▶ [Aim of the exercise]:
I would like the entries transcribed word for word, please, with the pictures removed.

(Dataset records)
##########

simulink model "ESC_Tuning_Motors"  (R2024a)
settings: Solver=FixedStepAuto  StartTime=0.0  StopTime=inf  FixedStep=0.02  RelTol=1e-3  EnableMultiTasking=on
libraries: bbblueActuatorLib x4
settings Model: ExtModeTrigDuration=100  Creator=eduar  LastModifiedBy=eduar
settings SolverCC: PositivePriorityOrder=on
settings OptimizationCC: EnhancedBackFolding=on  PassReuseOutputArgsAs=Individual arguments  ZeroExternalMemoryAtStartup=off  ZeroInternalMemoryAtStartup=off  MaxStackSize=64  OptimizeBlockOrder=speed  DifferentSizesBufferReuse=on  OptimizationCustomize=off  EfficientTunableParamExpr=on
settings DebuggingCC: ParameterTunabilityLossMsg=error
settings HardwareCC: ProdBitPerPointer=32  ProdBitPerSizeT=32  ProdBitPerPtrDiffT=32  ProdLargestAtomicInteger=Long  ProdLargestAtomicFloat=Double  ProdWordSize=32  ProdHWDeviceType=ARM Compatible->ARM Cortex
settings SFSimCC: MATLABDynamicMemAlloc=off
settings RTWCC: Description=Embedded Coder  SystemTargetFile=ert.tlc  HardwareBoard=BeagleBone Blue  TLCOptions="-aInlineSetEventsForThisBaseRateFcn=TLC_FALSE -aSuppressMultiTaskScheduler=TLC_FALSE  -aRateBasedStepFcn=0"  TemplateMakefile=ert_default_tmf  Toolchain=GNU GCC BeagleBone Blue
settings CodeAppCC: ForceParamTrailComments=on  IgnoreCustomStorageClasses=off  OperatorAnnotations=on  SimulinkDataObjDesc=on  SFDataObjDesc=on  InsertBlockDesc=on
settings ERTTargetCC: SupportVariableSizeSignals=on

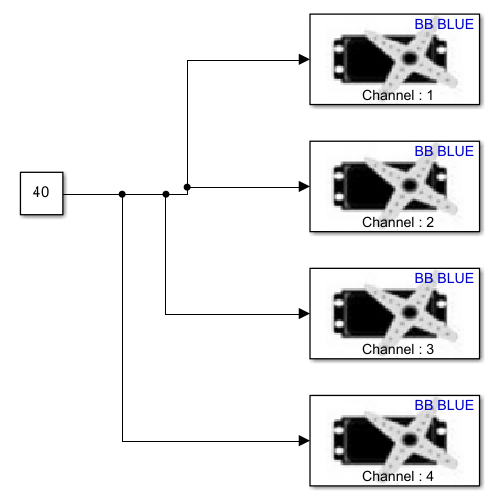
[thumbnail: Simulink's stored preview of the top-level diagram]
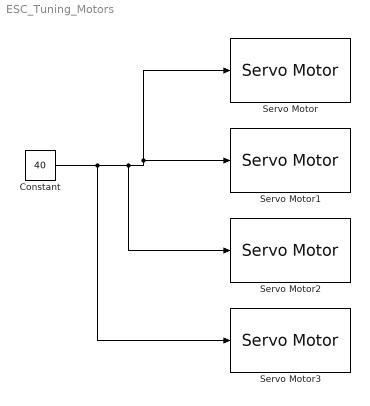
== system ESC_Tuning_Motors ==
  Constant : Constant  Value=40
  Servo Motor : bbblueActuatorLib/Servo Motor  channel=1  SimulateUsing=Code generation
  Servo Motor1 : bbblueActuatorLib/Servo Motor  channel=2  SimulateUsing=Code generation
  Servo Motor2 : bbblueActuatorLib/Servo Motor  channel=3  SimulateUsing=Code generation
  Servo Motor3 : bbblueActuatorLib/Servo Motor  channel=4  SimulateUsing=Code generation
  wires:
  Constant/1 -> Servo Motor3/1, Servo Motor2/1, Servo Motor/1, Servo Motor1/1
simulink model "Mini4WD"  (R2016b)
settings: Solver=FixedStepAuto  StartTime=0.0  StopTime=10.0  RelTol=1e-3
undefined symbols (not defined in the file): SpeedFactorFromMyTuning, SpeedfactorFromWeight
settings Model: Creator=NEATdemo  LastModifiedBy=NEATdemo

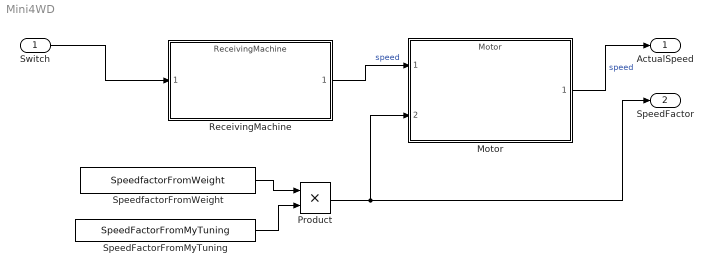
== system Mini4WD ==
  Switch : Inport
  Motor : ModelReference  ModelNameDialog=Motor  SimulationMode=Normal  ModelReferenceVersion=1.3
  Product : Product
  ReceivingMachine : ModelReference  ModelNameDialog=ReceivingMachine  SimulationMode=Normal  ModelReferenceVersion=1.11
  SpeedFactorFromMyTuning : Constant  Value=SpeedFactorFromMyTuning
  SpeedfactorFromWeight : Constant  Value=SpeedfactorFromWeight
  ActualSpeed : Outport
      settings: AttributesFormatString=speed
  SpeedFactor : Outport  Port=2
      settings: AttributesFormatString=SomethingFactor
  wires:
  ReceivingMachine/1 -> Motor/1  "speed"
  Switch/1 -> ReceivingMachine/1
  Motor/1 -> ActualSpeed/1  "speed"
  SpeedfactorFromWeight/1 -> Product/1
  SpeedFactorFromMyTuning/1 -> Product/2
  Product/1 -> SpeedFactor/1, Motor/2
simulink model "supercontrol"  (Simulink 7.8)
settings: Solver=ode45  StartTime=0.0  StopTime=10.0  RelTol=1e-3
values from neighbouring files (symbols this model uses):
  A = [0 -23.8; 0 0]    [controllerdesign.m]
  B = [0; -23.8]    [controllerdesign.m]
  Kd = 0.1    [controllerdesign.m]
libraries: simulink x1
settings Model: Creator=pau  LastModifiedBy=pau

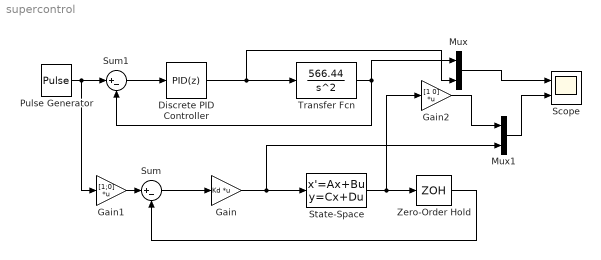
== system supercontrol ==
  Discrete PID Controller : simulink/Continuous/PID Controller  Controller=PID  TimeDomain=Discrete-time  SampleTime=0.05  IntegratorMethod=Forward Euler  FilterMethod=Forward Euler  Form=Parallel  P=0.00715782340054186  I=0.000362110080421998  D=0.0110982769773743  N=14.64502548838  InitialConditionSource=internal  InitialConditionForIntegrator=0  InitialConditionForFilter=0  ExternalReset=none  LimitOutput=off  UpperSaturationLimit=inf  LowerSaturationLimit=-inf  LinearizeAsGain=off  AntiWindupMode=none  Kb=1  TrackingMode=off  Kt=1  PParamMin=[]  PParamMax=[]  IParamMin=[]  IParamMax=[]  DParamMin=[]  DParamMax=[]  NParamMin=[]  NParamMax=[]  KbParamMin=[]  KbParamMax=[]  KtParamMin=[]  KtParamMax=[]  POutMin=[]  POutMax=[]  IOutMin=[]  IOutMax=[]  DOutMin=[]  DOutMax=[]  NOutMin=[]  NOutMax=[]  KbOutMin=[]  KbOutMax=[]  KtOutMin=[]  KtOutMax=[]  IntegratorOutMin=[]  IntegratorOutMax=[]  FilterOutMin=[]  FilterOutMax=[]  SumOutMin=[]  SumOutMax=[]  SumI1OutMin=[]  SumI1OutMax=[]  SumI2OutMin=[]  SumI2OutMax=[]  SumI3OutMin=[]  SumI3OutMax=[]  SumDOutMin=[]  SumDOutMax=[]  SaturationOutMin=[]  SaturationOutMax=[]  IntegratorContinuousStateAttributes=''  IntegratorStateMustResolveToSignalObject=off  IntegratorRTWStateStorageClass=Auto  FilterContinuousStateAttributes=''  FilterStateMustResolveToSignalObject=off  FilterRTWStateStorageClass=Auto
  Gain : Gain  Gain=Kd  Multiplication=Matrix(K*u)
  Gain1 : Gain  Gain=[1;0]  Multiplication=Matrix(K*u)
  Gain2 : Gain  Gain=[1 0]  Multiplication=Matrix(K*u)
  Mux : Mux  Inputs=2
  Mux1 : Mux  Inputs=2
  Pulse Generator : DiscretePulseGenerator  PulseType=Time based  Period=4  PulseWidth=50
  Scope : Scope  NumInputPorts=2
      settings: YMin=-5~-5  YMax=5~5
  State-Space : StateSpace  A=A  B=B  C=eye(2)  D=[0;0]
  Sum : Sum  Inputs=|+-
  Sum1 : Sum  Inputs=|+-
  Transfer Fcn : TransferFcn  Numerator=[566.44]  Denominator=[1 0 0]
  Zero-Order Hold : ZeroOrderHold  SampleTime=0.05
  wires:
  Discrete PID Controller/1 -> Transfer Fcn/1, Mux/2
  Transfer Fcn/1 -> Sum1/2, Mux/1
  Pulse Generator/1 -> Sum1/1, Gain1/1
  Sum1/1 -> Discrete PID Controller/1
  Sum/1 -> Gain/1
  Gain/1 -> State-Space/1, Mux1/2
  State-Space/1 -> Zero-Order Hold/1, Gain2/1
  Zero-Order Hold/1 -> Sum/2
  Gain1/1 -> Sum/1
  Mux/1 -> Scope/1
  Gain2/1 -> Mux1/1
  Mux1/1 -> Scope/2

##########

▶ [Reply]:
simulink model "ESC_Tuning_Motors"  (R2024a)
settings: Solver=FixedStepAuto  StartTime=0.0  StopTime=inf  FixedStep=0.02  RelTol=1e-3  EnableMultiTasking=on
libraries: bbblueActuatorLib x4
settings Model: ExtModeTrigDuration=100  Creator=eduar  LastModifiedBy=eduar
settings SolverCC: PositivePriorityOrder=on
settings OptimizationCC: EnhancedBackFolding=on  PassReuseOutputArgsAs=Individual arguments  ZeroExternalMemoryAtStartup=off  ZeroInternalMemoryAtStartup=off  MaxStackSize=64  OptimizeBlockOrder=speed  DifferentSizesBufferReuse=on  OptimizationCustomize=off  EfficientTunableParamExpr=on
settings DebuggingCC: ParameterTunabilityLossMsg=error
settings HardwareCC: ProdBitPerPointer=32  ProdBitPerSizeT=32  ProdBitPerPtrDiffT=32  ProdLargestAtomicInteger=Long  ProdLargestAtomicFloat=Double  ProdWordSize=32  ProdHWDeviceType=ARM Compatible->ARM Cortex
settings SFSimCC: MATLABDynamicMemAlloc=off
settings RTWCC: Description=Embedded Coder  SystemTargetFile=ert.tlc  HardwareBoard=BeagleBone Blue  TLCOptions="-aInlineSetEventsForThisBaseRateFcn=TLC_FALSE -aSuppressMultiTaskScheduler=TLC_FALSE  -aRateBasedStepFcn=0"  TemplateMakefile=ert_default_tmf  Toolchain=GNU GCC BeagleBone Blue
settings CodeAppCC: ForceParamTrailComments=on  IgnoreCustomStorageClasses=off  OperatorAnnotations=on  SimulinkDataObjDesc=on  SFDataObjDesc=on  InsertBlockDesc=on
settings ERTTargetCC: SupportVariableSizeSignals=on

[thumbnail: Simulink's stored preview of the top-level diagram]
== system ESC_Tuning_Motors ==
  Constant : Constant  Value=40
  Servo Motor : bbblueActuatorLib/Servo Motor  channel=1  SimulateUsing=Code generation
  Servo Motor1 : bbblueActuatorLib/Servo Motor  channel=2  SimulateUsing=Code generation
  Servo Motor2 : bbblueActuatorLib/Servo Motor  channel=3  SimulateUsing=Code generation
  Servo Motor3 : bbblueActuatorLib/Servo Motor  channel=4  SimulateUsing=Code generation
  wires:
  Constant/1 -> Servo Motor3/1, Servo Motor2/1, Servo Motor/1, Servo Motor1/1
simulink model "Mini4WD"  (R2016b)
settings: Solver=FixedStepAuto  StartTime=0.0  StopTime=10.0  RelTol=1e-3
undefined symbols (not defined in the file): SpeedFactorFromMyTuning, SpeedfactorFromWeight
settings Model: Creator=NEATdemo  LastModifiedBy=NEATdemo

== system Mini4WD ==
  Switch : Inport
  Motor : ModelReference  ModelNameDialog=Motor  SimulationMode=Normal  ModelReferenceVersion=1.3
  Product : Product
  ReceivingMachine : ModelReference  ModelNameDialog=ReceivingMachine  SimulationMode=Normal  ModelReferenceVersion=1.11
  SpeedFactorFromMyTuning : Constant  Value=SpeedFactorFromMyTuning
  SpeedfactorFromWeight : Constant  Value=SpeedfactorFromWeight
  ActualSpeed : Outport
      settings: AttributesFormatString=speed
  SpeedFactor : Outport  Port=2
      settings: AttributesFormatString=SomethingFactor
  wires:
  ReceivingMachine/1 -> Motor/1  "speed"
  Switch/1 -> ReceivingMachine/1
  Motor/1 -> ActualSpeed/1  "speed"
  SpeedfactorFromWeight/1 -> Product/1
  SpeedFactorFromMyTuning/1 -> Product/2
  Product/1 -> SpeedFactor/1, Motor/2
simulink model "supercontrol"  (Simulink 7.8)
settings: Solver=ode45  StartTime=0.0  StopTime=10.0  RelTol=1e-3
values from neighbouring files (symbols this model uses):
  A = [0 -23.8; 0 0]    [controllerdesign.m]
  B = [0; -23.8]    [controllerdesign.m]
  Kd = 0.1    [controllerdesign.m]
libraries: simulink x1
settings Model: Creator=pau  LastModifiedBy=pau

== system supercontrol ==
  Discrete PID Controller : simulink/Continuous/PID Controller  Controller=PID  TimeDomain=Discrete-time  SampleTime=0.05  IntegratorMethod=Forward Euler  FilterMethod=Forward Euler  Form=Parallel  P=0.00715782340054186  I=0.000362110080421998  D=0.0110982769773743  N=14.64502548838  InitialConditionSource=internal  InitialConditionForIntegrator=0  InitialConditionForFilter=0  ExternalReset=none  LimitOutput=off  UpperSaturationLimit=inf  LowerSaturationLimit=-inf  LinearizeAsGain=off  AntiWindupMode=none  Kb=1  TrackingMode=off  Kt=1  PParamMin=[]  PParamMax=[]  IParamMin=[]  IParamMax=[]  DParamMin=[]  DParamMax=[]  NParamMin=[]  NParamMax=[]  KbParamMin=[]  KbParamMax=[]  KtParamMin=[]  KtParamMax=[]  POutMin=[]  POutMax=[]  IOutMin=[]  IOutMax=[]  DOutMin=[]  DOutMax=[]  NOutMin=[]  NOutMax=[]  KbOutMin=[]  KbOutMax=[]  KtOutMin=[]  KtOutMax=[]  IntegratorOutMin=[]  IntegratorOutMax=[]  FilterOutMin=[]  FilterOutMax=[]  SumOutMin=[]  SumOutMax=[]  SumI1OutMin=[]  SumI1OutMax=[]  SumI2OutMin=[]  SumI2OutMax=[]  SumI3OutMin=[]  SumI3OutMax=[]  SumDOutMin=[]  SumDOutMax=[]  SaturationOutMin=[]  SaturationOutMax=[]  IntegratorContinuousStateAttributes=''  IntegratorStateMustResolveToSignalObject=off  IntegratorRTWStateStorageClass=Auto  FilterContinuousStateAttributes=''  FilterStateMustResolveToSignalObject=off  FilterRTWStateStorageClass=Auto
  Gain : Gain  Gain=Kd  Multiplication=Matrix(K*u)
  Gain1 : Gain  Gain=[1;0]  Multiplication=Matrix(K*u)
  Gain2 : Gain  Gain=[1 0]  Multiplication=Matrix(K*u)
  Mux : Mux  Inputs=2
  Mux1 : Mux  Inputs=2
  Pulse Generator : DiscretePulseGenerator  PulseType=Time based  Period=4  PulseWidth=50
  Scope : Scope  NumInputPorts=2
      settings: YMin=-5~-5  YMax=5~5
  State-Space : StateSpace  A=A  B=B  C=eye(2)  D=[0;0]
  Sum : Sum  Inputs=|+-
  Sum1 : Sum  Inputs=|+-
  Transfer Fcn : TransferFcn  Numerator=[566.44]  Denominator=[1 0 0]
  Zero-Order Hold : ZeroOrderHold  SampleTime=0.05
  wires:
  Discrete PID Controller/1 -> Transfer Fcn/1, Mux/2
  Transfer Fcn/1 -> Sum1/2, Mux/1
  Pulse Generator/1 -> Sum1/1, Gain1/1
  Sum1/1 -> Discrete PID Controller/1
  Sum/1 -> Gain/1
  Gain/1 -> State-Space/1, Mux1/2
  State-Space/1 -> Zero-Order Hold/1, Gain2/1
  Zero-Order Hold/1 -> Sum/2
  Gain1/1 -> Sum/1
  Mux/1 -> Scope/1
  Gain2/1 -> Mux1/1
  Mux1/1 -> Scope/2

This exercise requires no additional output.